■ Goal of the exercise ■
Lines with the word "Leonardo" are the ones wanted. Copy each of them from the entries below.

■ Material for the task ■
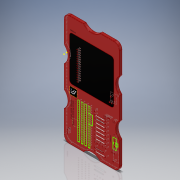
# Autodesk Inventor part: M5 Stack
Saved by Autodesk Inventor 2019 (Build 230136000, 136)
## iProperties
Created: 2020-01-20
Part Number: M5 Stack
Material: PET Plastic
Document SubType Name: Modeling
Designer: Leonardo
Density: 1.541 g/cm^3
Appearance: Red
Mass: 0.203324 g
Surface Area: 4.56566 cm^2
Volume: 0.199142 cm^3
Author: Leonardo
Autodesk Inventor part; units mm, degrees
(part 1 of 2)
ref_plane "YZ Plane" through (0, 0, 0) normal (1, 0, 0) x (0, 1, 0)
ref_plane "XZ Plane" through (0, 0, 0) normal (0, 1, 0) x (-1, 0, 0)
ref_plane "XY Plane" through (0, 0, 0) normal (0, 0, 1) x (1, 0, 0)
sketch "Sketch1" plane through (0, 0, 0) normal (0, 0, 1) x (1, 0, 0)
  line L0 (1, 6.5) -> (9, 6.5)
  line L1 (10, 5.5) -> (10, -12.5)
  line L2 (9, -13.5) -> (1, -13.5)
  line L3 (0, -12.5) -> (0, 5.5)
  arc A0 (10, 5.5) -> (9, 6.5) centre (9, 5.5) ccw
  arc A1 (1, 6.5) -> (0, 5.5) centre (1, 5.5) ccw
  arc A2 (0, -12.5) -> (1, -13.5) centre (1, -12.5) ccw
  arc A3 (9, -13.5) -> (10, -12.5) centre (9, -12.5) ccw
  point P0 (0, 0)
  point P1 (0, 6.5)
  point P2 (10, -13.5)
  point P3 (10, 6.5)
  point P4 (0, -13.5)
  dimension "d0" = 10
  dimension "d1" = 20
  dimension "d5" = 1
  dimension "d6" = 1
  dimension "d7" = 1
  constraints: 8 end point, 8 point on circle, 8 point on line, 8 tangent, 4 centre point, 2 parallel, 1 equal radius, 1 horizontal, 1 perpendicular
  measures "d0" distance of point (0, 6.5) point (10, 6.5)
  measures "d1" distance of point (10, 6.5) point (10, -13.5)
  measures "d5" radius of A0
  measures "d6" radius of A1
  measures "d7" radius of A2
extrude "Extrusion1" add sketch "Sketch1" along normal blind 0.5
sketch "Sketch3" plane through (0, 0, 0.5) normal (0, 0, 1) x (1, 0, 0)
  arc A0 (1, 6.5) -> (0, 5.5) centre (1, 5.5) ccw projected
  line L0 (1, 4) -> (9, 4)
  line L1 (9, 4) -> (9, -4.5)
  line L2 (9, -4.5) -> (1, -4.5)
  line L3 (1, -4.5) -> (1, 4)
  line L4 (9, -13.5) -> (1, -13.5) projected
  line L5 (5, -13.5) -> (5, -6)
  circle A1 centre (7.5, -6.0106) radius 0.0625
  line L6 (7.5, -6.0106) -> (7.5, -6.2106)
  line L7 (0, 5.5) -> (0, -12.5) projected
  line L8 (0, -3.5) -> (10.2754, -3.5)
  circle A2 centre (7.5, -6.2106) radius 0.0625
  line L9 (7.5, -6.2106) -> (7.5, -6.7106)
  circle A3 centre (7.5, -6.7106) radius 0.0625
  line L10 (7.5, -6.7106) -> (7.5, -7.2106)
  circle A4 centre (7.5, -7.2106) radius 0.0625
  circle A5 centre (7.5, -7.8356) radius 0.0625
  circle A6 centre (7.5, -8.4606) radius 0.0625
  circle A7 centre (7.5, -9.0856) radius 0.0625
  circle A8 centre (7.5, -9.7106) radius 0.0625
  circle A9 centre (7.5, -10.3356) radius 0.0625
  circle A10 centre (7.5, -10.9606) radius 0.0625
  line L11 (7.5, -5.9481) -> (5.5, -5.9481)
  line L12 (6.5, -5.9481) -> (6.5, -13.5)
  circle A11 centre (5.5, -6.0106) radius 0.0625
  line L13 (5.5, -6.0106) -> (5.5, -6.2106)
  circle A12 centre (5.5, -6.2106) radius 0.0625
  line L14 (5.5, -6.2106) -> (5.5, -6.7106)
  circle A13 centre (5.5, -6.7106) radius 0.0625
  line L15 (5.5, -6.7106) -> (5.5, -7.2106)
  circle A14 centre (5.5, -7.2106) radius 0.0625
  circle A15 centre (5.5, -7.8356) radius 0.0625
  line L16 (5.5, -7.7106) -> (5.5, -8.4606)
  circle A16 centre (5.5, -8.4606) radius 0.0625
  line L17 (5.5, -8.3356) -> (5.5, -9.0856)
  circle A17 centre (5.5, -9.0856) radius 0.0625
  line L18 (5.5, -8.9606) -> (5.5, -9.7106)
  circle A18 centre (5.5, -9.7106) radius 0.0625
  line L19 (5.5, -9.5856) -> (5.5, -10.3356)
  circle A19 centre (5.5, -10.3356) radius 0.0625
  line L20 (5.5, -10.2106) -> (5.5, -10.9606)
  circle A20 centre (5.5, -10.9606) radius 0.0625
  line L21 (5.5, -5.9481) -> (7.5, -5.9481)
  circle A21 centre (7.5, -12.3356) radius 0.0625
  circle A22 centre (5.5, -12.3356) radius 0.0625
  line L22 (7.5, -11.7731) -> (7.1, -11.7731)
  line L23 (7.5, -11.7731) -> (7.9, -11.7731) construction
  circle A23 centre (7.1, -11.7731) radius 0.0625
  line L24 (5.5, -10.9606) -> (5.5, -12.3782)
  line L25 (7.5, -11.0231) -> (7.7613, -11.0231)
  circle A24 centre (5.5, -11.7731) radius 0.0625
  circle A25 centre (6.5, -10.9606) radius 0.0625
  circle A26 centre (7, -10.9606) radius 0.0625
  circle A27 centre (6, -10.9606) radius 0.0625
  point P0 (0, 0)
  dimension "d10" = 0.125
  dimension "d35" = 0.125
  dimension "d8" = 7.5
  dimension "d11" = 0.2
  dimension "d12" = 0.125
  dimension "d13" = 1
  dimension "d14" = 8.5
  dimension "d15" = 8
  dimension "d16" = 0.5
  dimension "d17" = 0.125
  dimension "d18" = 0.5
  dimension "d19" = 0.125
  dimension "d23" = 0.125
  dimension "d25" = 0.125
  dimension "d27" = 0.125
  dimension "d29" = 0.125
  dimension "d31" = 0.125
  dimension "d38" = 2
  dimension "d64" = 0.5
  dimension "d65" = 0.5
  dimension "d66" = 0.5
  dimension "d67" = 0.5
  dimension "d68" = 0.5
  dimension "d69" = 0.5
  dimension "d70" = 0.125
  dimension "d71" = 1.25
  dimension "d72" = 180
  dimension "d73" = 0.125
  dimension "d75" = 0.4
  dimension "d78" = 0.75
  dimension "d79" = 0.125
  dimension "d80" = 0.125
  dimension "d81" = 0.125
  dimension "d82" = 0.125
  constraints: 48 end point, 24 centre point, 16 symmetric about line, 12 coincident, 6 vertical, 5 horizontal, 3 midpoint, 3 vertical alignment, 2 parallel, 2 perpendicular, 2 point on line, 1 collinear, 16 other
  measures "d8" distance of L5.start L5.end
  measures "d11" distance of L6.start L6.end
  measures "d12" diameter of A2
  measures "d13" distance from line of L7 L0.start
  measures "d14" distance from line of L2 L0.end
  measures "d15" distance of L0.end L0.start
  measures "d16" distance of L9.start L9.end
  measures "d17" diameter of A3
  measures "d18" distance of L10.start L10.end
  measures "d19" diameter of A4
  measures "d23" diameter of A5
  measures "d25" diameter of A6
  measures "d27" diameter of A7
  measures "d29" diameter of A8
  measures "d31" diameter of A9
  measures "d38" distance of L11.start L11.end
  measures "d70" diameter of A21
  measures "d72" angle of L22 L23
  measures "d73" diameter of A23
  measures "d75" distance of L22.end L22.start
  measures "d78" distance from line of L22.start L25
  measures "d79" diameter of A24
  measures "d80" diameter of A25
  measures "d81" diameter of A26
  measures "d82" diameter of A27
sketch "Sketch4" plane through (0, 0, 0.5) normal (0, 0, 1) x (1, 0, 0)
  line L0 (0, 5.5) -> (0, -12.5) projected
  line L1 (0, -3.5) -> (14.3961, -3.5)
  circle A0 centre (7.5, -8.4606) radius 0.0625 projected
  circle A1 centre (7.5, -6.0106) radius 0.0625 projected
  line L2 (7.5, -6.0106) -> (10.4645, -6.0106)
  line L3 (7.5, -6.0106) -> (10.4645, -6.0106) construction
  circle A2 centre (7.725, -6.0106) radius 0.0625
  circle A3 centre (7.95, -6.0106) radius 0.0625
  circle A4 centre (8.095, -6.0106) radius 0.0625
  circle A5 centre (8.24, -6.0106) radius 0.0625
  circle A6 centre (8.865, -6.0106) radius 0.0625
  circle A7 centre (9.09, -6.0106) radius 0.0625
  line L4 (9.09, -6.0106) -> (9.09, -8.5018)
  line L5 (9.09, -6.0106) -> (11.5812, -6.0106) construction
  circle A8 centre (9.09, -8.5018) radius 0.125
  line L6 (9.09, -8.5018) -> (9.09, -10.8899)
  line L7 (9.09, -8.5018) -> (11.4781, -8.5018) construction
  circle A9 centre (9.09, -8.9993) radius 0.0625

■ Answer for the task ■
Designer: Leonardo
Author: Leonardo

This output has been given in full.